INFORMATION >>
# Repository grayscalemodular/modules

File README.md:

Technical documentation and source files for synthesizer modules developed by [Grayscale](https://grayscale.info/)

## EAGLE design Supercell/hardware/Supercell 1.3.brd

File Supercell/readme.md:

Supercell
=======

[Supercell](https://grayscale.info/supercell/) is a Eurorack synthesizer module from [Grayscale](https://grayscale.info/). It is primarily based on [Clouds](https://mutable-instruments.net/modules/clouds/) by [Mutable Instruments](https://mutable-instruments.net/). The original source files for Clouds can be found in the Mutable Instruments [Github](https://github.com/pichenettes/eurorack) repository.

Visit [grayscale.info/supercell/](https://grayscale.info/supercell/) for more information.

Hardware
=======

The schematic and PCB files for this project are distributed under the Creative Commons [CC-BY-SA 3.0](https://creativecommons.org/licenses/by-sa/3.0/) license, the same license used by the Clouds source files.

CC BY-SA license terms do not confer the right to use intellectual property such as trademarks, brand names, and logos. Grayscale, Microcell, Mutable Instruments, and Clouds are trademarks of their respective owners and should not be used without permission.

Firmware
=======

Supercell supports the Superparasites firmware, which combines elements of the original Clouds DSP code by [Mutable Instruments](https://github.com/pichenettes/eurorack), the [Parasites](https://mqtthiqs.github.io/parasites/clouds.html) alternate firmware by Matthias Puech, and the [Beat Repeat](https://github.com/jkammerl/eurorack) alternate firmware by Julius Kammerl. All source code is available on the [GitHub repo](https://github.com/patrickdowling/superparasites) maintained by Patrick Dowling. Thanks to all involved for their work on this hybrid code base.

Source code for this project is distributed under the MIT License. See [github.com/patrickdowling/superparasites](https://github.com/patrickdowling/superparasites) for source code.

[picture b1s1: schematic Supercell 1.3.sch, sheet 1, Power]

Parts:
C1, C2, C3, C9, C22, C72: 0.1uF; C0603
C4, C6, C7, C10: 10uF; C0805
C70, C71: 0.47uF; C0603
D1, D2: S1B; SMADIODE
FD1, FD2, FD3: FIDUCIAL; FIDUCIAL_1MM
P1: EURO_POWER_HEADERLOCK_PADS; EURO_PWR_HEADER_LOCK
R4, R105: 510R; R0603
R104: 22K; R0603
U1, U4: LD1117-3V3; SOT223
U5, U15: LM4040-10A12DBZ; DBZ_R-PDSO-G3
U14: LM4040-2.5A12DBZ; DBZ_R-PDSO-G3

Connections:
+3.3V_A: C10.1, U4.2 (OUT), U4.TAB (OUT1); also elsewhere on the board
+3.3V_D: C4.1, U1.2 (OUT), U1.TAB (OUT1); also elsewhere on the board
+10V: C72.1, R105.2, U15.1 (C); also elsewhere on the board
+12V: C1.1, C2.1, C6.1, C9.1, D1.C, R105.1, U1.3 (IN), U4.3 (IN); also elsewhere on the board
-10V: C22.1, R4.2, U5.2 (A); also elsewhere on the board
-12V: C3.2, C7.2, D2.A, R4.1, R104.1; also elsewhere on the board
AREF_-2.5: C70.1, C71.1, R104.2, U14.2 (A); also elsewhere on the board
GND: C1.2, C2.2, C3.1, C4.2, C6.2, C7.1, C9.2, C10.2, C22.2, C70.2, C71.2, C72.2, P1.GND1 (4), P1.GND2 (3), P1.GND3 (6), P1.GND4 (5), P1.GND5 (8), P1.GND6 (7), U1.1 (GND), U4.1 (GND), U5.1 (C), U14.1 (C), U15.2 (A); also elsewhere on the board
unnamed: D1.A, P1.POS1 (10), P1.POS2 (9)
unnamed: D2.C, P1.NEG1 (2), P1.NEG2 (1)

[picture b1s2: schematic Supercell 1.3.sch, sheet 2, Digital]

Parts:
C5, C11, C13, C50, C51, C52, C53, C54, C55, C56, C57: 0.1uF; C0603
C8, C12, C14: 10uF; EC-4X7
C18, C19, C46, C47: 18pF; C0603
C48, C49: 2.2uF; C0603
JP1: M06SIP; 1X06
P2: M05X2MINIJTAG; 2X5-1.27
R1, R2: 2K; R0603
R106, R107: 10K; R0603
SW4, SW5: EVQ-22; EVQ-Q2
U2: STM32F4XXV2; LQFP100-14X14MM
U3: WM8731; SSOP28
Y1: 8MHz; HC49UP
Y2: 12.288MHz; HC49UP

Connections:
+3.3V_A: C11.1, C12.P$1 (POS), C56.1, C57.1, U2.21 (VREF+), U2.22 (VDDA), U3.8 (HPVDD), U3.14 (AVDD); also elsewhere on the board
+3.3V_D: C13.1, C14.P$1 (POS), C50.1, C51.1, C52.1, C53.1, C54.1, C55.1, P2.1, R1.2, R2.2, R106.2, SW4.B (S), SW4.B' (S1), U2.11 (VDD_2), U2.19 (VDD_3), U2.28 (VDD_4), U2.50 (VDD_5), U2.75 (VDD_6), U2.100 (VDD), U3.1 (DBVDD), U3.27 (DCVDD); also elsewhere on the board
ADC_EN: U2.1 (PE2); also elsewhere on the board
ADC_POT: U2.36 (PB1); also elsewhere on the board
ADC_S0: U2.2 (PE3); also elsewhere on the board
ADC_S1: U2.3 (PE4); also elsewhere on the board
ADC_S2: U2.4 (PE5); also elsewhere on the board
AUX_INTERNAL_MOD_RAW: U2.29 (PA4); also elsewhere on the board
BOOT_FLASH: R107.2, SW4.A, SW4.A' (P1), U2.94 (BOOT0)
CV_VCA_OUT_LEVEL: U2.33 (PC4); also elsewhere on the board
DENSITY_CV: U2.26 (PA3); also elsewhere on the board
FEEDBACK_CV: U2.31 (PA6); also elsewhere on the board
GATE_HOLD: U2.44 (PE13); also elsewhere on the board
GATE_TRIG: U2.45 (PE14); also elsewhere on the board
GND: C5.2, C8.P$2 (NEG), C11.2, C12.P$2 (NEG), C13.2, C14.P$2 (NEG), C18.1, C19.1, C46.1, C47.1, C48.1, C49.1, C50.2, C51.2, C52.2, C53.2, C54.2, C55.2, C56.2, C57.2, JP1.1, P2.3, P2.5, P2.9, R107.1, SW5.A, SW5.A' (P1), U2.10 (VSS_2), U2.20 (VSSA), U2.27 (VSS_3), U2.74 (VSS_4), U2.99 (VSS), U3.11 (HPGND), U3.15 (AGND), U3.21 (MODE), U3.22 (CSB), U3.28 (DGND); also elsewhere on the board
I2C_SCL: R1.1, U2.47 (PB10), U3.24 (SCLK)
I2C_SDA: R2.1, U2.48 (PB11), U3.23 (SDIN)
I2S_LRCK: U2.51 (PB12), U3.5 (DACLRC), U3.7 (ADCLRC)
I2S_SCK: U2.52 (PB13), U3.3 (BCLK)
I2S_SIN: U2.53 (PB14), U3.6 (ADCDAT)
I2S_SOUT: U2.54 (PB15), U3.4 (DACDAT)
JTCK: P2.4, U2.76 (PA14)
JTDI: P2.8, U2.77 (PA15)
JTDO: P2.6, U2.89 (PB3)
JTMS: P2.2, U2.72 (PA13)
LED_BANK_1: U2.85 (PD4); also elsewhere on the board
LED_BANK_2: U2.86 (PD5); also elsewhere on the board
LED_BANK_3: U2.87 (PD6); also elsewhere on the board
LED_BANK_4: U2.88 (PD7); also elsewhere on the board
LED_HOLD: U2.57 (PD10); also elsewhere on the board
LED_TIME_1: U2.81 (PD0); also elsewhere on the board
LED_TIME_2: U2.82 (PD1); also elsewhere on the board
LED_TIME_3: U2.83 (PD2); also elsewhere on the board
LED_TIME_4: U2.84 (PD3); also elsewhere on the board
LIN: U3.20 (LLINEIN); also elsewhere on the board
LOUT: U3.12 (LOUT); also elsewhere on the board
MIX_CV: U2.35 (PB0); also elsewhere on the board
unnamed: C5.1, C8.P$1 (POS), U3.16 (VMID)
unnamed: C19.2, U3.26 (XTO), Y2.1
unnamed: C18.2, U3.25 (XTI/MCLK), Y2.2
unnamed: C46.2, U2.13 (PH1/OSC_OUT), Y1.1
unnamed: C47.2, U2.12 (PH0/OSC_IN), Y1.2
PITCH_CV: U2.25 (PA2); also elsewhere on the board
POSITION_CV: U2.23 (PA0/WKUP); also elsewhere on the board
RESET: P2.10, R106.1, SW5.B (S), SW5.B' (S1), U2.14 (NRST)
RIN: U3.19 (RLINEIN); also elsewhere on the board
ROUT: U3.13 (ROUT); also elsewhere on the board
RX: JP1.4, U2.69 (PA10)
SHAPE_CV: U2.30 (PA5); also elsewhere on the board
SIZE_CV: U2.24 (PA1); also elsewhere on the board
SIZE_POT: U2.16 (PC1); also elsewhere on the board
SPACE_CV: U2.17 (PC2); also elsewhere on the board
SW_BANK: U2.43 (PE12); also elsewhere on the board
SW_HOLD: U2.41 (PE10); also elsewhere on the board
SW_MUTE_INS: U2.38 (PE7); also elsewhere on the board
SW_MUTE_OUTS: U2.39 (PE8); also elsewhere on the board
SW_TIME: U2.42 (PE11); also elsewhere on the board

WHAT IS REQUIRED >> Nothing before the line containing "SIZE_CV: U2.24 (PA1);" should be repeated; repeat that line and all later lines through the end of the data above, exactly.

WRITTEN SOLUTION >>
SIZE_CV: U2.24 (PA1); also elsewhere on the board
SIZE_POT: U2.16 (PC1); also elsewhere on the board
SPACE_CV: U2.17 (PC2); also elsewhere on the board
SW_BANK: U2.43 (PE12); also elsewhere on the board
SW_HOLD: U2.41 (PE10); also elsewhere on the board
SW_MUTE_INS: U2.38 (PE7); also elsewhere on the board
SW_MUTE_OUTS: U2.39 (PE8); also elsewhere on the board
SW_TIME: U2.42 (PE11); also elsewhere on the board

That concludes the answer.